A pie chart is a circle divided into sectors, with each sector’s angular size proportional to the value it represents. Pie charts are designed for showing how a whole is composed — the relative size of each part as a fraction of the total. They’re conventionally drawn with percentage labels, and the percentages should sum to 100%.
Image: Simple pie chart, CC BY-SA 3.0
Pie charts have a reputation for being misused, and the reputation is partly deserved. The eye is bad at comparing angles. Two slices of similar size — 17% and 22% — are hard to rank visually; the same two values in a Bar chart are unambiguous. Studies of perceptual accuracy consistently rank position-along-axis (which bar charts use) higher than angle (which pie charts use), and color encoding even lower.
So when is a pie chart appropriate?
- Few categories — three or four slices, where the message is this part is big, that part is small. With seven or eight slices it gets crowded fast.
- Whole-composition emphasis — the explicit message is these parts together make 100% of the thing. The circular shape carries that meaning visually.

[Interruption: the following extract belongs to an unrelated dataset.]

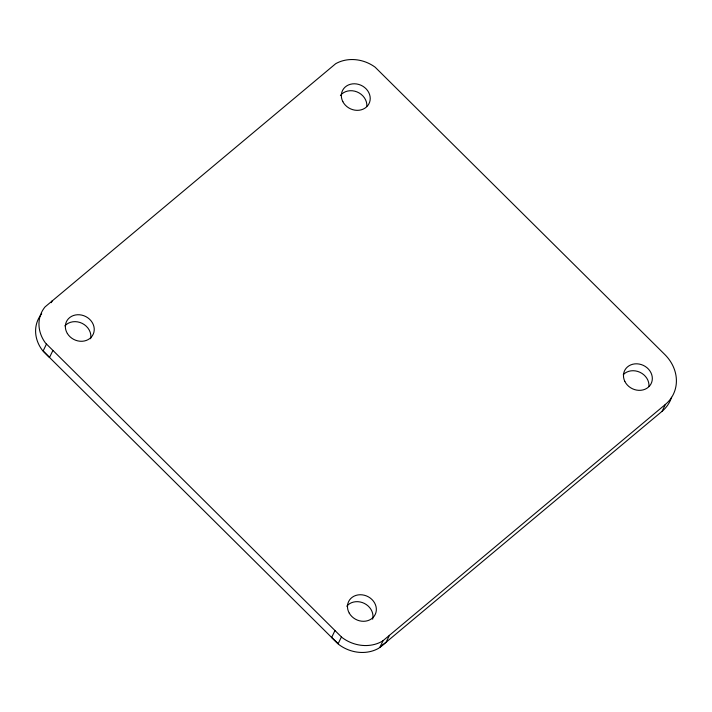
<?xml version="1.0" encoding="UTF-8"?>
<svg xmlns="http://www.w3.org/2000/svg" width="712" height="712" viewBox="0 0 712 712"><rect width="100%" height="100%" fill="white"/><g stroke="black" fill="none" stroke-linecap="round" stroke-linejoin="round"><path stroke-width="1.07" d="M51.309 302.662L52.27 300.687M46.431 344.145L43.076 351.069L338.067 643.862L341.422 636.937L45.47 343.024A34.835 30.402 25.9 0 1 45.043 306.917L335.681 63.706A34.835 30.402 25.9 0 1 375.126 67.177L664.821 354.54A39.409 34.398 25.9 0 1 665.426 404.398L662.062 411.313L379.781 647.528L383.136 640.604L665.426 404.398M52.875 350.535L49.511 357.46L42.115 349.948A34.835 30.402 25.9 0 1 41.679 313.832M334.987 630.547L331.632 637.471L339.215 644.823A34.835 30.402 25.9 0 0 378.659 648.294L386.082 642.26L389.437 635.335M383.136 640.604L382.015 641.379A34.835 30.402 25.9 0 1 342.57 637.908L341.422 636.937M671.576 397.252A39.409 34.398 25.9 0 1 662.062 411.313M623.258 374.645A14.774 12.896 25.9 0 1 639.892 372.26A14.774 12.896 25.9 0 1 648.926 386.536M346.735 606.197A14.774 12.896 25.9 0 1 364.384 603.429A14.774 12.896 25.9 0 1 372.643 619.191M64.89 325.873A14.774 12.896 25.9 0 1 82.254 323.408A14.774 12.896 25.9 0 1 90.629 338.752M340.398 95.497A14.774 12.896 25.9 0 1 357.032 91.919A14.774 12.896 25.9 0 1 366.831 106.221M342.846 101.665A14.774 12.896 25.9 0 0 367.81 105.545A14.774 12.896 25.9 0 0 356.685 83.971A14.774 12.896 25.9 0 0 342.846 101.665M624.824 381.392A14.774 12.896 25.9 0 0 649.736 385.788A14.774 12.896 25.9 0 0 639.136 364.046A14.774 12.896 25.9 0 0 624.824 381.392M349.245 613.112A14.774 12.896 25.9 0 0 374.245 616.094A14.774 12.896 25.9 0 0 362.248 594.849A14.774 12.896 25.9 0 0 349.245 613.112M67.373 333.519A14.774 12.896 25.9 0 0 92.382 335.717A14.774 12.896 25.9 0 0 79.637 314.784A14.774 12.896 25.9 0 0 67.373 333.519"/></g></svg>

- The numbers matter less than the rough proportions — pie charts read well when the precise values are labelled and the chart is doing the work of showing part-of-whole rather than supporting close numeric comparison.
If the message is comparing magnitudes precisely, or if there are many small slices, a Bar chart or Stacked bar chart is almost always clearer. The data-visualization literature has been complaining about pie charts for decades, but they remain popular in executive presentations because the whole = sum of parts visual metaphor is intuitively strong.
In Matplotlib, ax.pie(values, labels=labels, autopct='%1.1f%%') draws a pie chart with percentage annotations on each slice.